2018 Book And Game Report By Matt Rorie, Age 39

2017 was the best year for gaming in a long, long time, so it wasn’t too surprising that 2018 pumped the brakes a bit. I didn’t play as many games this year and I didn’t finish a lot of the games that I did play. There are a few notable games that I still need to get around to (RDR2, Spider-Man, Tetris), and a lot more than I wish I had made more time for (especially big RPGs like Divinity Original Sin II: Definitive Edition, Pillars of Eternity II, and Pathfinder: Kingmaker). I gravitated more towards comfort gaming this year, preferring to stick to games that I could spend half an hour with and come away satisfied with my gaming session. Hey, I’ve got dogs that need to poop, preferably outside the house, and a ladyfriend that apparently likes it when I talk to her in the evenings.

While I bounced off of western RPGs this year, I did manage to get through a few JRPGS, including Final Fantasy XV: Windows Edition and most of Final Fantasy XII: Zodiac Age on the PC. FFXV is one of the most bizarre gaming experiences in recent memory, with unlikable characters and story/gameplay design that seemed like the entire thing was thrown together from three or four different design documents. It was probably more fun to play than FFXIII, but that’s...really not saying much. I can only assume that Zodiac Age must be one of the weirder games to watch someone play, on the other hand, as I spent most of my time powerleveling at 4x speed only to sit and pay attention to the cutscenes when they came along. The story is as good as I recall but it’s still an awfully strange way to play a game!

The less said about WoW: Battle For Azeroth the better, so here’s a bunch of text: this is a bad expansion, definitely the worst since Cataclysm for me, and maybe just the worst expansion period. The Saurfang cinematic is one of the game’s high points from a narrative perspective but every part of the gameplay just felt like a letdown, especially after Legion turned out so well. It’s too bad because this WoW has traditionally been the king of the mindlessly-hitting-buttons-while-watching-30-Rock-for-the-eighth-time genre, but sometime after the first month I found myself doing that “log on, take a look around town, then immediately log off” thing rather than actually spending time playing it. When warmed-over content like Warfronts and goddamn Island Expeditions are what you’re pushing, you know you’ve taken a wrong turn somewhere. In the end I, of course, probably spent a couple hundred of hours playing this anyway, but what they’ve revealed for 8.1 isn’t exactly revving my engine.

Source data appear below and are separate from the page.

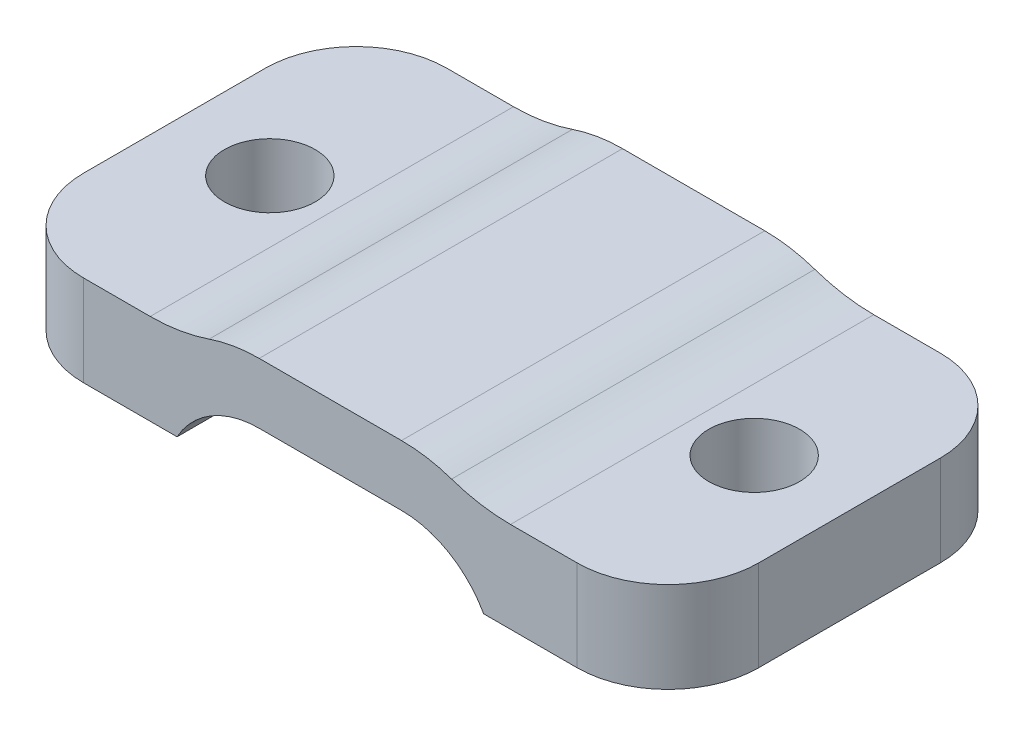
from build123d import *

# Parameters (mm, degrees)
BOSS_EXTRUDE1_DEPTH     = 12
FILLET1_R               = 6
CUT_EXTRUDE1_DEPTH      = 19.309833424
CUT_EXTRUDE1_DEPTH_BACK = 19.309833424
SKETCH2_R               = 1.5
FILLET2_R               = 3


with BuildPart() as part:
    # Sketch1 → Boss-Extrude1 (new body)
    with BuildSketch(Plane.XY):
        with BuildLine():
            Line((-8.8, 1.5), (-4.874423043, 1.5))
            ThreePointArc((-4.874423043, 1.5), (-3.934375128, 3.245102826), (-2.4, 4.5))
            Line((-2.4, 4.5), (-8.8, 4.5))
            Line((-8.8, 4.5), (-8.8, 1.5))
        make_face()
        with BuildLine():
            ThreePointArc((-2.712931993, 1.5), (-1.574801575, 2.670205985), (0, 3.1))
            Line((0, 3.1), (4.7, 3.1))
            ThreePointArc((4.7, 3.1), (6.274801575, 2.670205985), (7.412931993, 1.5))
            Line((7.412931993, 1.5), (9.574423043, 1.5))
            ThreePointArc((9.574423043, 1.5), (8.634375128, 3.245102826), (7.1, 4.5))
            Line((7.1, 4.5), (-2.4, 4.5))
            ThreePointArc((-2.4, 4.5), (-3.934375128, 3.245102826), (-4.874423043, 1.5))
            Line((-4.874423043, 1.5), (-2.712931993, 1.5))
        make_face()
        with BuildLine():
            ThreePointArc((7.1, 4.5), (8.634375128, 3.245102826), (9.574423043, 1.5))
            Line((9.574423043, 1.5), (13.5, 1.5))
            Line((13.5, 1.5), (13.5, 4.5))
            Line((13.5, 4.5), (7.1, 4.5))
        make_face()
        with BuildLine():
            ThreePointArc((0, 5.1), (-1.236931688, 4.947726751), (-2.4, 4.5))
            Line((-2.4, 4.5), (7.1, 4.5))
            ThreePointArc((7.1, 4.5), (5.936931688, 4.947726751), (4.7, 5.1))
            Line((4.7, 5.1), (0, 5.1))
        make_face()
    extrude(amount=BOSS_EXTRUDE1_DEPTH)

    # Fillet1
    fillet1_edges = [part.edges().sort_by_distance(p)[0] for p in [
        (-2.4, 4.5, 6),
        (7.1, 4.5, 6),
    ]]
    fillet(fillet1_edges, radius=FILLET1_R)

    # Sketch2 → Cut-Extrude1 (cut, two sides: drawn at the far end of the back side and taken through both)
    with BuildSketch(Plane(origin=(0, 4.5, 0), x_dir=(1, 0, 0), z_dir=(0, 1, 0)).offset(-CUT_EXTRUDE1_DEPTH_BACK)):
        with Locations(Location((-5.65, -6, 0), (0, 0, 270))):
            Circle(SKETCH2_R)
        with Locations(Location((10.35, -6, 0), (0, 0, 270))):
            Circle(SKETCH2_R)
    extrude(amount=CUT_EXTRUDE1_DEPTH + CUT_EXTRUDE1_DEPTH_BACK, mode=Mode.SUBTRACT)

    # Fillet2
    fillet2_edges = [part.edges().sort_by_distance(p)[0] for p in [
        (-8.8, 3, 0),
        (13.5, 3, 0),
        (13.5, 3, 12),
        (-8.8, 3, 12),
    ]]
    fillet(fillet2_edges, radius=FILLET2_R)


solid = part.part
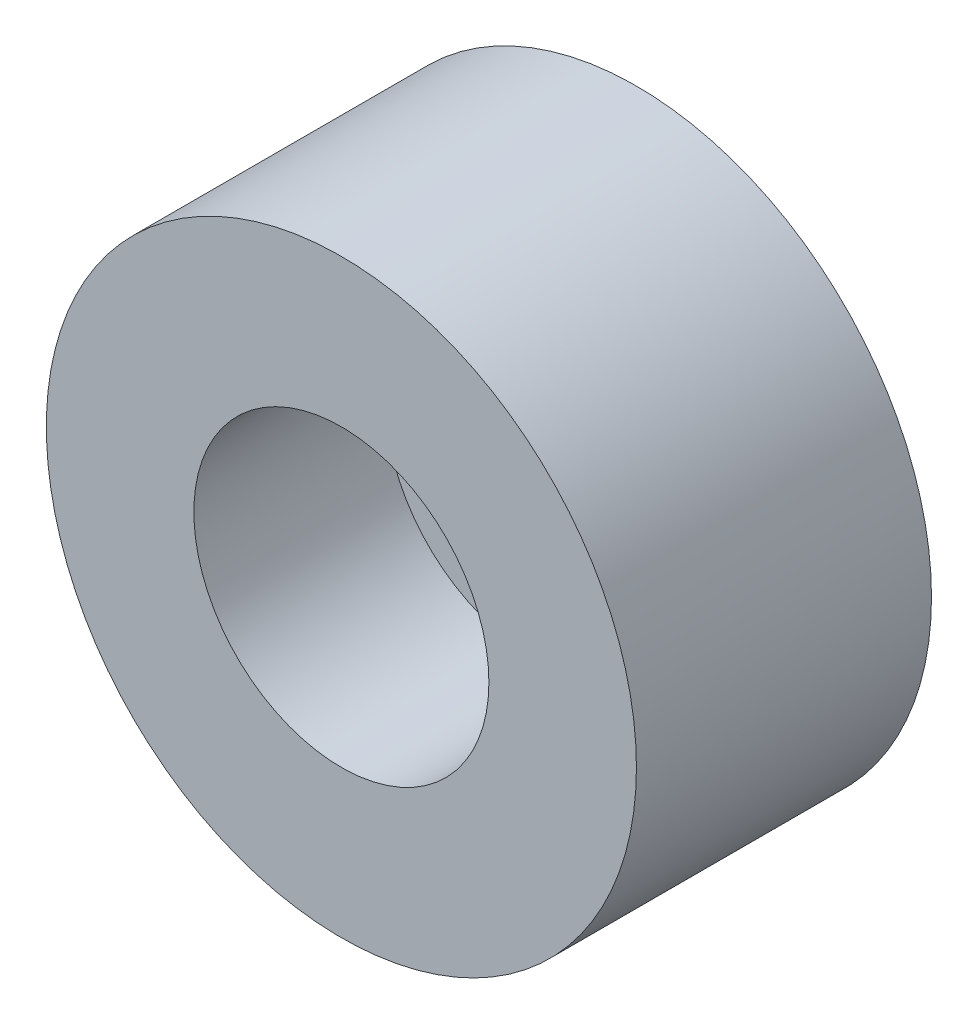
ISO-10303-21;
HEADER;
FILE_DESCRIPTION(('STEP AP214'),'2;1');
FILE_NAME('part.step','',(''),(''),'','','');
FILE_SCHEMA(('AUTOMOTIVE_DESIGN { 1 0 10303 214 1 1 1 1 }'));
ENDSEC;
DATA;
#1=APPLICATION_CONTEXT('core data for automotive mechanical design processes');
#2=APPLICATION_PROTOCOL_DEFINITION('international standard','automotive_design',2000,#1);
#3=PRODUCT_CONTEXT('',#1,'mechanical');
#4=PRODUCT('Part','Part','',(#3));
#5=PRODUCT_RELATED_PRODUCT_CATEGORY('part','',(#4));
#6=PRODUCT_DEFINITION_FORMATION('','',#4);
#7=PRODUCT_DEFINITION_CONTEXT('part definition',#1,'design');
#8=PRODUCT_DEFINITION('design','',#6,#7);
#9=PRODUCT_DEFINITION_SHAPE('','',#8);
#10=(LENGTH_UNIT() NAMED_UNIT(*) SI_UNIT(.MILLI.,.METRE.));
#11=(NAMED_UNIT(*) PLANE_ANGLE_UNIT() SI_UNIT($,.RADIAN.));
#12=(NAMED_UNIT(*) SI_UNIT($,.STERADIAN.) SOLID_ANGLE_UNIT());
#13=UNCERTAINTY_MEASURE_WITH_UNIT(LENGTH_MEASURE(1.E-05),#10,'distance_accuracy_value','');
#14=(GEOMETRIC_REPRESENTATION_CONTEXT(3) GLOBAL_UNCERTAINTY_ASSIGNED_CONTEXT((#13)) GLOBAL_UNIT_ASSIGNED_CONTEXT((#10,
#11,#12)) REPRESENTATION_CONTEXT('',''));
#15=CARTESIAN_POINT('',(0.,0.,0.));
#16=DIRECTION('',(0.,0.,1.));
#17=DIRECTION('',(1.,0.,0.));
#18=AXIS2_PLACEMENT_3D('',#15,#16,#17);
#19=CARTESIAN_POINT('',(10.,0.,7.));
#20=DIRECTION('',(0.,0.,-1.));
#21=DIRECTION('',(-1.,0.,0.));
#22=AXIS2_PLACEMENT_3D('',#19,#20,#21);
#23=PLANE('',#22);
#24=CARTESIAN_POINT('',(0.,0.,7.));
#25=DIRECTION('',(0.,0.,1.));
#26=DIRECTION('',(1.,0.,0.));
#27=AXIS2_PLACEMENT_3D('',#24,#25,#26);
#28=CIRCLE('',#27,7.);
#29=CARTESIAN_POINT('',(7.,0.,7.));
#30=VERTEX_POINT('',#29);
#31=EDGE_CURVE('E8',#30,#30,#28,.T.);
#32=ORIENTED_EDGE('',*,*,#31,.F.);
#33=EDGE_LOOP('',(#32));
#34=FACE_BOUND('',#33,.T.);
#35=CARTESIAN_POINT('',(0.,0.,7.));
#36=DIRECTION('',(0.,0.,1.));
#37=DIRECTION('',(1.,0.,0.));
#38=AXIS2_PLACEMENT_3D('',#35,#36,#37);
#39=CIRCLE('',#38,10.);
#40=CARTESIAN_POINT('',(10.,0.,7.));
#41=VERTEX_POINT('',#40);
#42=EDGE_CURVE('E34',#41,#41,#39,.T.);
#43=ORIENTED_EDGE('',*,*,#42,.T.);
#44=EDGE_LOOP('',(#43));
#45=FACE_BOUND('',#44,.T.);
#46=ADVANCED_FACE('F12',(#34,#45),#23,.F.);
#47=CARTESIAN_POINT('',(0.,0.,40.));
#48=DIRECTION('',(0.,0.,1.));
#49=DIRECTION('',(1.,0.,0.));
#50=AXIS2_PLACEMENT_3D('',#47,#48,#49);
#51=CYLINDRICAL_SURFACE('',#50,7.);
#52=CARTESIAN_POINT('',(0.,0.,0.));
#53=DIRECTION('',(0.,0.,1.));
#54=DIRECTION('',(1.,0.,0.));
#55=AXIS2_PLACEMENT_3D('',#52,#53,#54);
#56=CIRCLE('',#55,7.);
#57=CARTESIAN_POINT('',(7.,0.,0.));
#58=VERTEX_POINT('',#57);
#59=EDGE_CURVE('E18',#58,#58,#56,.T.);
#60=ORIENTED_EDGE('',*,*,#59,.F.);
#61=EDGE_LOOP('',(#60));
#62=FACE_BOUND('',#61,.T.);
#63=ORIENTED_EDGE('',*,*,#31,.T.);
#64=EDGE_LOOP('',(#63));
#65=FACE_BOUND('',#64,.T.);
#66=ADVANCED_FACE('F59',(#62,#65),#51,.F.);
#67=CARTESIAN_POINT('',(7.,0.,0.));
#68=DIRECTION('',(0.,0.,1.));
#69=DIRECTION('',(1.,0.,0.));
#70=AXIS2_PLACEMENT_3D('',#67,#68,#69);
#71=PLANE('',#70);
#72=CARTESIAN_POINT('',(0.,0.,0.));
#73=DIRECTION('',(0.,0.,1.));
#74=DIRECTION('',(1.,0.,0.));
#75=AXIS2_PLACEMENT_3D('',#72,#73,#74);
#76=CIRCLE('',#75,20.);
#77=CARTESIAN_POINT('',(20.,0.,0.));
#78=VERTEX_POINT('',#77);
#79=EDGE_CURVE('E22',#78,#78,#76,.T.);
#80=ORIENTED_EDGE('',*,*,#79,.F.);
#81=EDGE_LOOP('',(#80));
#82=FACE_BOUND('',#81,.T.);
#83=ORIENTED_EDGE('',*,*,#59,.T.);
#84=EDGE_LOOP('',(#83));
#85=FACE_BOUND('',#84,.T.);
#86=ADVANCED_FACE('F54',(#82,#85),#71,.F.);
#87=CARTESIAN_POINT('',(0.,0.,40.));
#88=DIRECTION('',(0.,0.,1.));
#89=DIRECTION('',(1.,0.,0.));
#90=AXIS2_PLACEMENT_3D('',#87,#88,#89);
#91=CYLINDRICAL_SURFACE('',#90,20.);
#92=CARTESIAN_POINT('',(0.,0.,20.));
#93=DIRECTION('',(0.,0.,1.));
#94=DIRECTION('',(1.,0.,0.));
#95=AXIS2_PLACEMENT_3D('',#92,#93,#94);
#96=CIRCLE('',#95,20.);
#97=CARTESIAN_POINT('',(20.,0.,20.));
#98=VERTEX_POINT('',#97);
#99=EDGE_CURVE('E26',#98,#98,#96,.T.);
#100=ORIENTED_EDGE('',*,*,#99,.F.);
#101=EDGE_LOOP('',(#100));
#102=FACE_BOUND('',#101,.T.);
#103=ORIENTED_EDGE('',*,*,#79,.T.);
#104=EDGE_LOOP('',(#103));
#105=FACE_BOUND('',#104,.T.);
#106=ADVANCED_FACE('F48',(#102,#105),#91,.T.);
#107=CARTESIAN_POINT('',(20.,0.,20.));
#108=DIRECTION('',(0.,0.,-1.));
#109=DIRECTION('',(-1.,0.,0.));
#110=AXIS2_PLACEMENT_3D('',#107,#108,#109);
#111=PLANE('',#110);
#112=CARTESIAN_POINT('',(0.,0.,20.));
#113=DIRECTION('',(0.,0.,1.));
#114=DIRECTION('',(1.,0.,0.));
#115=AXIS2_PLACEMENT_3D('',#112,#113,#114);
#116=CIRCLE('',#115,10.);
#117=CARTESIAN_POINT('',(10.,0.,20.));
#118=VERTEX_POINT('',#117);
#119=EDGE_CURVE('E31',#118,#118,#116,.T.);
#120=ORIENTED_EDGE('',*,*,#119,.F.);
#121=EDGE_LOOP('',(#120));
#122=FACE_BOUND('',#121,.T.);
#123=ORIENTED_EDGE('',*,*,#99,.T.);
#124=EDGE_LOOP('',(#123));
#125=FACE_BOUND('',#124,.T.);
#126=ADVANCED_FACE('F42',(#122,#125),#111,.F.);
#127=CARTESIAN_POINT('',(0.,0.,40.));
#128=DIRECTION('',(0.,0.,1.));
#129=DIRECTION('',(1.,0.,0.));
#130=AXIS2_PLACEMENT_3D('',#127,#128,#129);
#131=CYLINDRICAL_SURFACE('',#130,10.);
#132=ORIENTED_EDGE('',*,*,#42,.F.);
#133=EDGE_LOOP('',(#132));
#134=FACE_BOUND('',#133,.T.);
#135=ORIENTED_EDGE('',*,*,#119,.T.);
#136=EDGE_LOOP('',(#135));
#137=FACE_BOUND('',#136,.T.);
#138=ADVANCED_FACE('F39',(#134,#137),#131,.F.);
#139=CLOSED_SHELL('',(#46,#66,#86,#106,#126,#138));
#140=MANIFOLD_SOLID_BREP('B1',#139);
#141=ADVANCED_BREP_SHAPE_REPRESENTATION('',(#18,#140),#14);
#142=SHAPE_DEFINITION_REPRESENTATION(#9,#141);
ENDSEC;
END-ISO-10303-21;

Before I get into the game stuff, though, I wanted to share some things that I read this year. I’ve been reading a lot the last few years as a result of new advances in Kindle technology and what I’ve been learning isn’t really insomnia but just a body clock that says my bedtime is 2 A.M. every night. That leads to a couple hours of reading a night, usually, so I’ve clocked through some interesting books! Here are some recommendations!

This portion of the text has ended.